How do I run smartctl_exporter against a JSON file?

If you're helping someone else, request the output of the smartctl command above. Feed this into the smartctl_exporter using the hidden --smartctl.fake-data flag. If a smartctl_exporter is already running, use a different port; in this case, it's 19633. Run collect_fake_json.sh first to collect the JSON files for your devices. Copy the requested JSON file into one of the fake files. After starting the exporter, you can query it to see the data generated.

# Dump the JSON files for your devices into debug/
./collect_fake_json.sh

# copy the test JSON into one of the files in debug/
cp extracted-from-above-sda.json debug/sda.json

# Make sure you have the latest version
go build
# Use a different port in case smartctl_exporter is already running
sudo ./smartctl_exporter --web.listen-address=127.0.0.1:19633 --log.level=debug --smartctl.fake-data

# Use curl with grep
curl --silent 127.0.0.1:19633/metrics | grep -i nvme
# Or xh with ripgrep
xh --body :19633/metrics | rg nvme

Why is root required? Can't I add a user to the "disk" group?

A blogger had the same question and opened a ticket on smartmontools. This is their response. smartctl needs to be run as root.

RFE: add O_RDRW mode for sat/scsi/ata devices

According to function blk_verify_command() from current kernel sources (see block/scsi_ioctl.c), O_RDONLY or O_RDWR make no difference if device was opened as root (or with CAP_SYS_RAWIO).

The SCSI commands listed in function blk_set_cmd_filter_defaults() show that some of the smartctl -d scsi functionality might work with O_RDONLY for non-root users. Some more might work with O_RDWR.

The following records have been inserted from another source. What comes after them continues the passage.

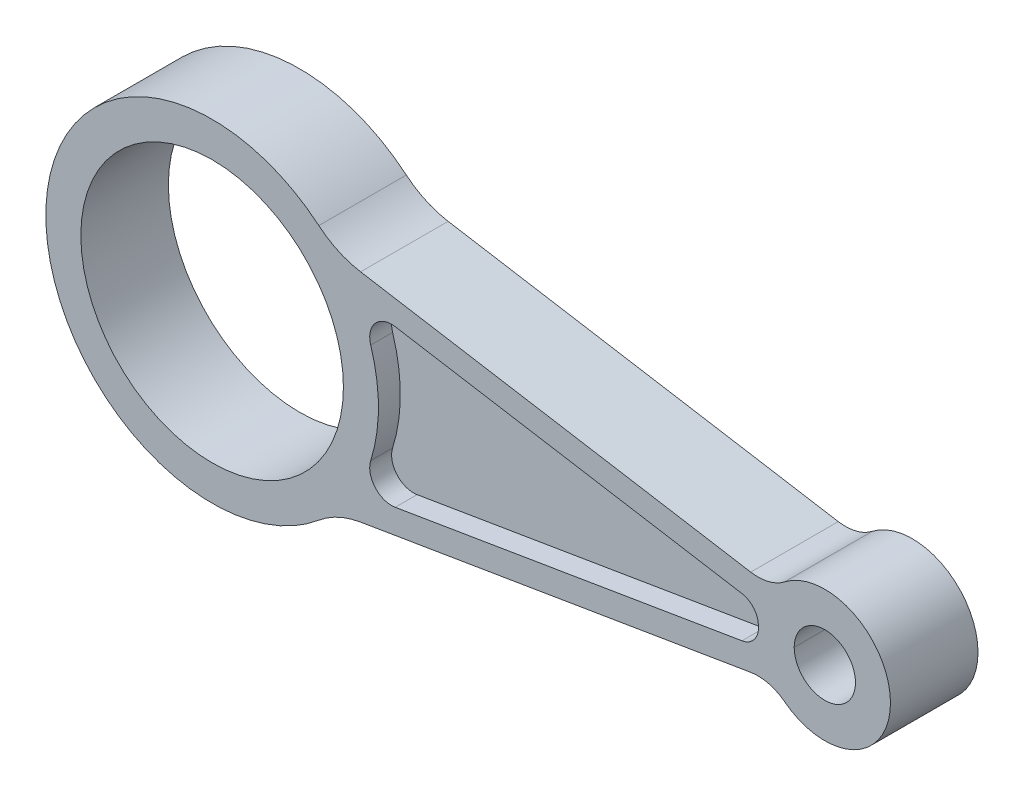
ISO-10303-21;
HEADER;
FILE_DESCRIPTION(('STEP AP214'),'2;1');
FILE_NAME('part.step','',(''),(''),'','','');
FILE_SCHEMA(('AUTOMOTIVE_DESIGN { 1 0 10303 214 1 1 1 1 }'));
ENDSEC;
DATA;
#1=APPLICATION_CONTEXT('core data for automotive mechanical design processes');
#2=APPLICATION_PROTOCOL_DEFINITION('international standard','automotive_design',2000,#1);
#3=PRODUCT_CONTEXT('',#1,'mechanical');
#4=PRODUCT('Part','Part','',(#3));
#5=PRODUCT_RELATED_PRODUCT_CATEGORY('part','',(#4));
#6=PRODUCT_DEFINITION_FORMATION('','',#4);
#7=PRODUCT_DEFINITION_CONTEXT('part definition',#1,'design');
#8=PRODUCT_DEFINITION('design','',#6,#7);
#9=PRODUCT_DEFINITION_SHAPE('','',#8);
#10=(LENGTH_UNIT() NAMED_UNIT(*) SI_UNIT(.MILLI.,.METRE.));
#11=(NAMED_UNIT(*) PLANE_ANGLE_UNIT() SI_UNIT($,.RADIAN.));
#12=(NAMED_UNIT(*) SI_UNIT($,.STERADIAN.) SOLID_ANGLE_UNIT());
#13=UNCERTAINTY_MEASURE_WITH_UNIT(LENGTH_MEASURE(1.E-05),#10,'distance_accuracy_value','');
#14=(GEOMETRIC_REPRESENTATION_CONTEXT(3) GLOBAL_UNCERTAINTY_ASSIGNED_CONTEXT((#13)) GLOBAL_UNIT_ASSIGNED_CONTEXT((#10,
#11,#12)) REPRESENTATION_CONTEXT('',''));
#15=CARTESIAN_POINT('',(0.,0.,0.));
#16=DIRECTION('',(0.,0.,1.));
#17=DIRECTION('',(1.,0.,0.));
#18=AXIS2_PLACEMENT_3D('',#15,#16,#17);
#19=CARTESIAN_POINT('',(140.,0.,-20.));
#20=DIRECTION('',(0.,0.,1.));
#21=DIRECTION('',(1.,0.,0.));
#22=AXIS2_PLACEMENT_3D('',#19,#20,#21);
#23=CYLINDRICAL_SURFACE('',#22,7.00000000000001);
#24=CARTESIAN_POINT('',(140.,0.,-20.));
#25=DIRECTION('',(0.,0.,1.));
#26=DIRECTION('',(1.,0.,0.));
#27=AXIS2_PLACEMENT_3D('',#24,#25,#26);
#28=CIRCLE('',#27,7.00000000000001);
#29=CARTESIAN_POINT('',(133.,0.,-20.));
#30=VERTEX_POINT('',#29);
#31=CARTESIAN_POINT('',(147.,0.,-20.));
#32=VERTEX_POINT('',#31);
#33=EDGE_CURVE('E328',#30,#32,#28,.T.);
#34=ORIENTED_EDGE('',*,*,#33,.F.);
#35=DIRECTION('',(0.,0.,1.));
#36=VECTOR('',#35,1.);
#37=CARTESIAN_POINT('',(133.,0.,-20.));
#38=LINE('',#37,#36);
#39=CARTESIAN_POINT('',(133.,0.,0.));
#40=VERTEX_POINT('',#39);
#41=EDGE_CURVE('E11',#30,#40,#38,.T.);
#42=ORIENTED_EDGE('',*,*,#41,.T.);
#43=CARTESIAN_POINT('',(140.,0.,0.));
#44=DIRECTION('',(0.,0.,1.));
#45=DIRECTION('',(1.,0.,0.));
#46=AXIS2_PLACEMENT_3D('',#43,#44,#45);
#47=CIRCLE('',#46,7.00000000000001);
#48=CARTESIAN_POINT('',(147.,0.,0.));
#49=VERTEX_POINT('',#48);
#50=EDGE_CURVE('E313',#40,#49,#47,.T.);
#51=ORIENTED_EDGE('',*,*,#50,.T.);
#52=DIRECTION('',(0.,0.,-1.));
#53=VECTOR('',#52,1.);
#54=CARTESIAN_POINT('',(147.,0.,-20.));
#55=LINE('',#54,#53);
#56=EDGE_CURVE('E51',#49,#32,#55,.T.);
#57=ORIENTED_EDGE('',*,*,#56,.T.);
#58=EDGE_LOOP('',(#34,#42,#51,#57));
#59=FACE_BOUND('',#58,.T.);
#60=ADVANCED_FACE('F42',(#59),#23,.F.);
#61=CARTESIAN_POINT('',(0.,0.,-20.));
#62=DIRECTION('',(0.,0.,1.));
#63=DIRECTION('',(1.,0.,0.));
#64=AXIS2_PLACEMENT_3D('',#61,#62,#63);
#65=CYLINDRICAL_SURFACE('',#64,38.);
#66=CARTESIAN_POINT('',(0.,0.,0.));
#67=DIRECTION('',(0.,0.,1.));
#68=DIRECTION('',(1.,0.,0.));
#69=AXIS2_PLACEMENT_3D('',#66,#67,#68);
#70=CIRCLE('',#69,38.);
#71=CARTESIAN_POINT('',(24.3781675337846,29.1496989297442,0.));
#72=VERTEX_POINT('',#71);
#73=CARTESIAN_POINT('',(24.3781675337846,-29.1496989297442,0.));
#74=VERTEX_POINT('',#73);
#75=EDGE_CURVE('E338',#72,#74,#70,.T.);
#76=ORIENTED_EDGE('',*,*,#75,.F.);
#77=DIRECTION('',(0.,0.,1.));
#78=VECTOR('',#77,1.);
#79=CARTESIAN_POINT('',(24.3781675337846,29.1496989297442,-20.));
#80=LINE('',#79,#78);
#81=CARTESIAN_POINT('',(24.3781675337846,29.1496989297442,-20.));
#82=VERTEX_POINT('',#81);
#83=EDGE_CURVE('E385',#72,#82,#80,.F.);
#84=ORIENTED_EDGE('',*,*,#83,.T.);
#85=CARTESIAN_POINT('',(0.,0.,-20.));
#86=DIRECTION('',(0.,0.,1.));
#87=DIRECTION('',(1.,0.,0.));
#88=AXIS2_PLACEMENT_3D('',#85,#86,#87);
#89=CIRCLE('',#88,38.);
#90=CARTESIAN_POINT('',(24.3781675337846,-29.1496989297442,-20.));
#91=VERTEX_POINT('',#90);
#92=EDGE_CURVE('E349',#82,#91,#89,.T.);
#93=ORIENTED_EDGE('',*,*,#92,.T.);
#94=DIRECTION('',(0.,0.,1.));
#95=VECTOR('',#94,1.);
#96=CARTESIAN_POINT('',(24.3781675337846,-29.1496989297442,-20.));
#97=LINE('',#96,#95);
#98=EDGE_CURVE('E382',#91,#74,#97,.T.);
#99=ORIENTED_EDGE('',*,*,#98,.T.);
#100=EDGE_LOOP('',(#76,#84,#93,#99));
#101=FACE_BOUND('',#100,.T.);
#102=ADVANCED_FACE('F44',(#101),#65,.T.);
#103=CARTESIAN_POINT('',(27.9354736759495,25.7606154914888,-20.));
#104=DIRECTION('',(0.164285714285714,0.986412795984335,0.));
#105=DIRECTION('',(-0.986412795984335,0.164285714285714,0.));
#106=AXIS2_PLACEMENT_3D('',#103,#104,#105);
#107=PLANE('',#106);
#108=DIRECTION('',(-0.986412795984335,0.164285714285714,0.));
#109=VECTOR('',#108,1.);
#110=CARTESIAN_POINT('',(27.9354736759495,25.7606154914888,-20.));
#111=LINE('',#110,#109);
#112=CARTESIAN_POINT('',(123.068754783715,9.91629645714704,-20.));
#113=VERTEX_POINT('',#112);
#114=CARTESIAN_POINT('',(33.9230677395358,24.7633898151861,-20.));
#115=VERTEX_POINT('',#114);
#116=EDGE_CURVE('E357',#113,#115,#111,.T.);
#117=ORIENTED_EDGE('',*,*,#116,.T.);
#118=DIRECTION('',(0.,0.,-1.));
#119=VECTOR('',#118,1.);
#120=CARTESIAN_POINT('',(33.9230677395358,24.7633898151861,0.));
#121=LINE('',#120,#119);
#122=CARTESIAN_POINT('',(33.9230677395358,24.7633898151861,0.));
#123=VERTEX_POINT('',#122);
#124=EDGE_CURVE('E379',#115,#123,#121,.F.);
#125=ORIENTED_EDGE('',*,*,#124,.T.);
#126=DIRECTION('',(-0.986412795984335,0.164285714285714,0.));
#127=VECTOR('',#126,1.);
#128=CARTESIAN_POINT('',(27.9354736759495,25.7606154914888,0.));
#129=LINE('',#128,#127);
#130=CARTESIAN_POINT('',(123.068754783715,9.91629645714704,0.));
#131=VERTEX_POINT('',#130);
#132=EDGE_CURVE('E346',#131,#123,#129,.T.);
#133=ORIENTED_EDGE('',*,*,#132,.F.);
#134=DIRECTION('',(0.,0.,-1.));
#135=VECTOR('',#134,1.);
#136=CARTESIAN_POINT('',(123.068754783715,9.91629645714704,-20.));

But smartctl -d sat (to access SATA devices) won't work at all because the SCSI commands ATA_12 and ATA_16 (see scsi_proto.h) are always blocked for non-root users.

What about my NVMe drive?

From the smartmontools FAQ: My NVMe drive is not in the smartctl/smartd database

SCSI/SAS and NVMe drives do not provide ATA/SATA-like SMART Attributes. Therefore the drive database does not contain any entries for these drives. This may change in the future as some drives provide similar info via vendor specific commands (see ticket #870).

smartmontools also has a wiki page for NVMe devices.

How do I report upstream to smartmontools?

Check their FAQ: How to create a bug report.